Exercise details ▸
Only these lines of the data below are wanted: the one with "#91=DIRECTION('',(0.,0.,1.));", the one with "#112=ORIENTED_EDGE('',*,*,#111,.F.);", and any lines between them, each repeated exactly.

Collected data ▸
>>>>

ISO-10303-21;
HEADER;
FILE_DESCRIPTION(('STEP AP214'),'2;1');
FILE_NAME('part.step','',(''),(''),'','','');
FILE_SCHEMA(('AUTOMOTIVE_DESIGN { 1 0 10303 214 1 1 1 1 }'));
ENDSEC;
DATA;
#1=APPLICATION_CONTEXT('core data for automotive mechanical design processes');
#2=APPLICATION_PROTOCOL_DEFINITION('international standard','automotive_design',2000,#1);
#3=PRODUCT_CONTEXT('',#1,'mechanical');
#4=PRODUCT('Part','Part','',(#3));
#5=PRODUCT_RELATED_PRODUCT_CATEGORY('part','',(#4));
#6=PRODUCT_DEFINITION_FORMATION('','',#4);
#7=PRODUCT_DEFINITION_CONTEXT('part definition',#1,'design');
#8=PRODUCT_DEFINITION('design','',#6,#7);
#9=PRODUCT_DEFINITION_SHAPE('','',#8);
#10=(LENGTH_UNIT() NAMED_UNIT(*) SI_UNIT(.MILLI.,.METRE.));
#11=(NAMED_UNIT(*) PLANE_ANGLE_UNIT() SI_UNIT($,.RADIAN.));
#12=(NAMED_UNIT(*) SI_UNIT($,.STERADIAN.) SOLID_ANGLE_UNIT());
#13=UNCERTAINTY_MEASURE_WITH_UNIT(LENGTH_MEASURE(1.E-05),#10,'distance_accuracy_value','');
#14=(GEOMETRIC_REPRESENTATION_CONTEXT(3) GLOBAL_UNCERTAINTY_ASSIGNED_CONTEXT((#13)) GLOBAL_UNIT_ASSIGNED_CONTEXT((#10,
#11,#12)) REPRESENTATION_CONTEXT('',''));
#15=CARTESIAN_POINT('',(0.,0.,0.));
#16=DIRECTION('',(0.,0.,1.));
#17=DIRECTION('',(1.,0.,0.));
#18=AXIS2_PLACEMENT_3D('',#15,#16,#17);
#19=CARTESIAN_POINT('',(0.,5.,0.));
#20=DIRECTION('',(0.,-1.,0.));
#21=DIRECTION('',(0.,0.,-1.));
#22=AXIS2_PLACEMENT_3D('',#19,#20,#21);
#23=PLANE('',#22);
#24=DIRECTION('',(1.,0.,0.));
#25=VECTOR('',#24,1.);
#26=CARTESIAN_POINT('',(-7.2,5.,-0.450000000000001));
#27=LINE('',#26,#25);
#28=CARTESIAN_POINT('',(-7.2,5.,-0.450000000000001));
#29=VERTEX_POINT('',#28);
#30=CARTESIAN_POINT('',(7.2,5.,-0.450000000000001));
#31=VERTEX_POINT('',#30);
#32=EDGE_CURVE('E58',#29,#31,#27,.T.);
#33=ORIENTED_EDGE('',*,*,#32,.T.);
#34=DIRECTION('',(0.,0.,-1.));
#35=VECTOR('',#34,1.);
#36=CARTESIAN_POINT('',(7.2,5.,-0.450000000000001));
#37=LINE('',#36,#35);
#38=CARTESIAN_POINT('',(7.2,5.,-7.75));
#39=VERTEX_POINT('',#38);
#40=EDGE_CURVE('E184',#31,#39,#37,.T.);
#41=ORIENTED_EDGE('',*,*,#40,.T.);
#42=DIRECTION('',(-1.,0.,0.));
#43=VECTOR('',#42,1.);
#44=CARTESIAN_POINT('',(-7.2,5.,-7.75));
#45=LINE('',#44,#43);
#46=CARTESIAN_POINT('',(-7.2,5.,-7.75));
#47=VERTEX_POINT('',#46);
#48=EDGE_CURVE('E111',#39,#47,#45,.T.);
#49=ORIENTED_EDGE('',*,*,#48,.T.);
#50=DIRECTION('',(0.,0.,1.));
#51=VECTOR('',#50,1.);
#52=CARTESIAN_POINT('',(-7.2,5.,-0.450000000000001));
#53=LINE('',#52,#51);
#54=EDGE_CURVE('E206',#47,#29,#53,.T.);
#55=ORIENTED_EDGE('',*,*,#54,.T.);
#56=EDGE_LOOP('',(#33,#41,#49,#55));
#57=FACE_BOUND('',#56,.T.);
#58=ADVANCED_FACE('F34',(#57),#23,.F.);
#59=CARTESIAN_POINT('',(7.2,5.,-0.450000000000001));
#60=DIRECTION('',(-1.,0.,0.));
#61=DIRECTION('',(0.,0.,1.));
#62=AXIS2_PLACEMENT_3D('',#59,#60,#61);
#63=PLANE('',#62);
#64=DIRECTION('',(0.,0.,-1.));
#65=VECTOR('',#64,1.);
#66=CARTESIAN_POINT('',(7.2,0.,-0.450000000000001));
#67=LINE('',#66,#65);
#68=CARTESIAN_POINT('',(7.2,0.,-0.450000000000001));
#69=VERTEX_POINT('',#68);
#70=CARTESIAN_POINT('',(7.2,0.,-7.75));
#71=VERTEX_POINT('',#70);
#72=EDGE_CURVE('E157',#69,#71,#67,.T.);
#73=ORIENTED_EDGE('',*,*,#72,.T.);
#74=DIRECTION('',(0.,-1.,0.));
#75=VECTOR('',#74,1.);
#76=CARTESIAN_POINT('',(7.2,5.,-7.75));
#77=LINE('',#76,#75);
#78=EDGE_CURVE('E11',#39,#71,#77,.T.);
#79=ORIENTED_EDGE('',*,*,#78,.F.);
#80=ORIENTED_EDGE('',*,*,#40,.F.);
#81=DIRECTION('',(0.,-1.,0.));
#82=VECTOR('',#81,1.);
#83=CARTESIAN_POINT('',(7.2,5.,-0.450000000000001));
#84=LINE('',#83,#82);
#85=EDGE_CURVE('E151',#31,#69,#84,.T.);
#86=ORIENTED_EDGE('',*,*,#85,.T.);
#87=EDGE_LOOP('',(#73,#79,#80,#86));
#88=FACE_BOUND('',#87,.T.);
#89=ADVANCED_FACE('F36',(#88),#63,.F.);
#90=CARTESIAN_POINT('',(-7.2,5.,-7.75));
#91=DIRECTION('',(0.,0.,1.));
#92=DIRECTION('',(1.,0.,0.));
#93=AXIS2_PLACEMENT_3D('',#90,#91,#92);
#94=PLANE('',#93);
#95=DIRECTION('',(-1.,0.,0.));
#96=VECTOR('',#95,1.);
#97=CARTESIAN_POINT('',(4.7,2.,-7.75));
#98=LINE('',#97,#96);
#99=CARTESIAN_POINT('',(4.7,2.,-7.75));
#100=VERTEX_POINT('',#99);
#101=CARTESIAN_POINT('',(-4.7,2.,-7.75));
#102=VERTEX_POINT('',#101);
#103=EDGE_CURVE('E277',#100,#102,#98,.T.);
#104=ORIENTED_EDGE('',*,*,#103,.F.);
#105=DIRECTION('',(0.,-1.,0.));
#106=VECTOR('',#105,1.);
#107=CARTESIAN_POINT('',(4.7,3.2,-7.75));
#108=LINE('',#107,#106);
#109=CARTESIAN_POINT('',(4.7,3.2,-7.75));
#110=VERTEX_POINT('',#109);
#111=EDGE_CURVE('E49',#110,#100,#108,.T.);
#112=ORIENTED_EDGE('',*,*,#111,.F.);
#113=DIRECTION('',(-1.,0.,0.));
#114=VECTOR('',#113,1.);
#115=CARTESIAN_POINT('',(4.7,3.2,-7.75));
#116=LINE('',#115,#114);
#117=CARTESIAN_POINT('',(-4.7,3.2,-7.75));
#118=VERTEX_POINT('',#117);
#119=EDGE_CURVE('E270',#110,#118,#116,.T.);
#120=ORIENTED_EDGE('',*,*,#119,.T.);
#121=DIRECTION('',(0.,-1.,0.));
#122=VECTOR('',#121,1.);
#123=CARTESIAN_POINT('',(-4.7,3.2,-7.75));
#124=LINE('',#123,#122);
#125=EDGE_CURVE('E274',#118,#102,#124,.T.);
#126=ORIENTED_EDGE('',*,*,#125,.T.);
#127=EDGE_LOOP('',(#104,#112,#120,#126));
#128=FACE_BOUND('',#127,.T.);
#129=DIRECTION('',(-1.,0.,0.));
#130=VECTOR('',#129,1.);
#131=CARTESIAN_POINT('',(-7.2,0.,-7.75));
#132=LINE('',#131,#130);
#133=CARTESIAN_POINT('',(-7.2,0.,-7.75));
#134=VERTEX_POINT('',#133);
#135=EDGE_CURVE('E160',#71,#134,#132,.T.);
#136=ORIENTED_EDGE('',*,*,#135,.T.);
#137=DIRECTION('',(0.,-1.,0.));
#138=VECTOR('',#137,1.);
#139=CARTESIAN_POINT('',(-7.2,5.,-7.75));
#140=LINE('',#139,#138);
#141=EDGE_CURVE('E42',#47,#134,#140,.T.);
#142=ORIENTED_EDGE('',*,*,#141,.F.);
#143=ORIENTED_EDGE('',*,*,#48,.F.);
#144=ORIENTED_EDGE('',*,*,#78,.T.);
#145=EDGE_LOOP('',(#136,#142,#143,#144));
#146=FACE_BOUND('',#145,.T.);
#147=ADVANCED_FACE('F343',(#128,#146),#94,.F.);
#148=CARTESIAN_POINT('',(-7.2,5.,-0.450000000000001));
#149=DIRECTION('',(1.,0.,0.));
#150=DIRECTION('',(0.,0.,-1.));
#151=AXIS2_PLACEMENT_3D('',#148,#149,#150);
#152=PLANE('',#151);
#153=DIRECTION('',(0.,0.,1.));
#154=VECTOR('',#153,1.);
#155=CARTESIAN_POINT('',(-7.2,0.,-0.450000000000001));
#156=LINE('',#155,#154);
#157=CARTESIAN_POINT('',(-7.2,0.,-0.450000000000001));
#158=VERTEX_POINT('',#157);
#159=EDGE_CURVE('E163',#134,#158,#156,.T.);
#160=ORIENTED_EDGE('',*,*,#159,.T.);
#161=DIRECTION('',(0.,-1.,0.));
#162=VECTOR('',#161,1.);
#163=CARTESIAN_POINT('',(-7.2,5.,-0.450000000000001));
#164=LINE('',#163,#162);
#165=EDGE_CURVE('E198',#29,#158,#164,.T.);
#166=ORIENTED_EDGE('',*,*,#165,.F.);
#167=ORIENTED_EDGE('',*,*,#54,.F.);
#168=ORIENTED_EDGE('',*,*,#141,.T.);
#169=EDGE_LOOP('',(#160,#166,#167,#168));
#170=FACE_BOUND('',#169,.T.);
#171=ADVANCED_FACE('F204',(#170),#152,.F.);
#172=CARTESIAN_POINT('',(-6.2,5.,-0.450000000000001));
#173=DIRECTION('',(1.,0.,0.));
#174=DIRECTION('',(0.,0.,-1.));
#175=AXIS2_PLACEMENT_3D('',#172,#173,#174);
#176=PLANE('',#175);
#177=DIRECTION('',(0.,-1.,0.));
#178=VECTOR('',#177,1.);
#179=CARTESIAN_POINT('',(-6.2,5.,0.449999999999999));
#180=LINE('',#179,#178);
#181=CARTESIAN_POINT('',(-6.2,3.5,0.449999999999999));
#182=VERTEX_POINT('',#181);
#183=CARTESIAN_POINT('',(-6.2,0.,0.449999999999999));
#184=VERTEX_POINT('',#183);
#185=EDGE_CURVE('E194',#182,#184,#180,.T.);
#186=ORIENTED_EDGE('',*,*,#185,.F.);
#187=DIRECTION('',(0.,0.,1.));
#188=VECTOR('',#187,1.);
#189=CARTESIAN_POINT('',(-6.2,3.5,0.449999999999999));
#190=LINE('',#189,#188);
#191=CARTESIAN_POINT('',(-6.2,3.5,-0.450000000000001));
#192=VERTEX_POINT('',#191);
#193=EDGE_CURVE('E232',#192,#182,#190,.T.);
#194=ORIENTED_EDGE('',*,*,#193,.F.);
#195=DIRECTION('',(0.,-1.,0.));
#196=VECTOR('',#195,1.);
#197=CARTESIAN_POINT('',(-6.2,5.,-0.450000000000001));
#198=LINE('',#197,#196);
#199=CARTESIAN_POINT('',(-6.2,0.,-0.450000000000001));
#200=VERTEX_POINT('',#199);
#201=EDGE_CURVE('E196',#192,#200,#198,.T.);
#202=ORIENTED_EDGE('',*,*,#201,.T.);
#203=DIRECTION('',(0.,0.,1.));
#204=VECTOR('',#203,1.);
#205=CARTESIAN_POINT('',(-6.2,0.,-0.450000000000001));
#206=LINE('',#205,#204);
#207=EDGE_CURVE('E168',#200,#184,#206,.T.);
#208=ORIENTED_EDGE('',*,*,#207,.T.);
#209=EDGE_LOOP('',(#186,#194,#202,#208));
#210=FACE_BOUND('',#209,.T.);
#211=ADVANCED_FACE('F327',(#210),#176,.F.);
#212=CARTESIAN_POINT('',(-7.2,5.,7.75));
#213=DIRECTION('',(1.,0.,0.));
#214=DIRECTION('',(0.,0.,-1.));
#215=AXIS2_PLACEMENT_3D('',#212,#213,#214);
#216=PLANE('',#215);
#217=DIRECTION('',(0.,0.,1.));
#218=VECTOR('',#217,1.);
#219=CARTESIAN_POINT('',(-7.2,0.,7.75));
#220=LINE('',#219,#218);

<<<<

Solution to the problem ▸
#91=DIRECTION('',(0.,0.,1.));
#92=DIRECTION('',(1.,0.,0.));
#93=AXIS2_PLACEMENT_3D('',#90,#91,#92);
#94=PLANE('',#93);
#95=DIRECTION('',(-1.,0.,0.));
#96=VECTOR('',#95,1.);
#97=CARTESIAN_POINT('',(4.7,2.,-7.75));
#98=LINE('',#97,#96);
#99=CARTESIAN_POINT('',(4.7,2.,-7.75));
#100=VERTEX_POINT('',#99);
#101=CARTESIAN_POINT('',(-4.7,2.,-7.75));
#102=VERTEX_POINT('',#101);
#103=EDGE_CURVE('E277',#100,#102,#98,.T.);
#104=ORIENTED_EDGE('',*,*,#103,.F.);
#105=DIRECTION('',(0.,-1.,0.));
#106=VECTOR('',#105,1.);
#107=CARTESIAN_POINT('',(4.7,3.2,-7.75));
#108=LINE('',#107,#106);
#109=CARTESIAN_POINT('',(4.7,3.2,-7.75));
#110=VERTEX_POINT('',#109);
#111=EDGE_CURVE('E49',#110,#100,#108,.T.);
#112=ORIENTED_EDGE('',*,*,#111,.F.);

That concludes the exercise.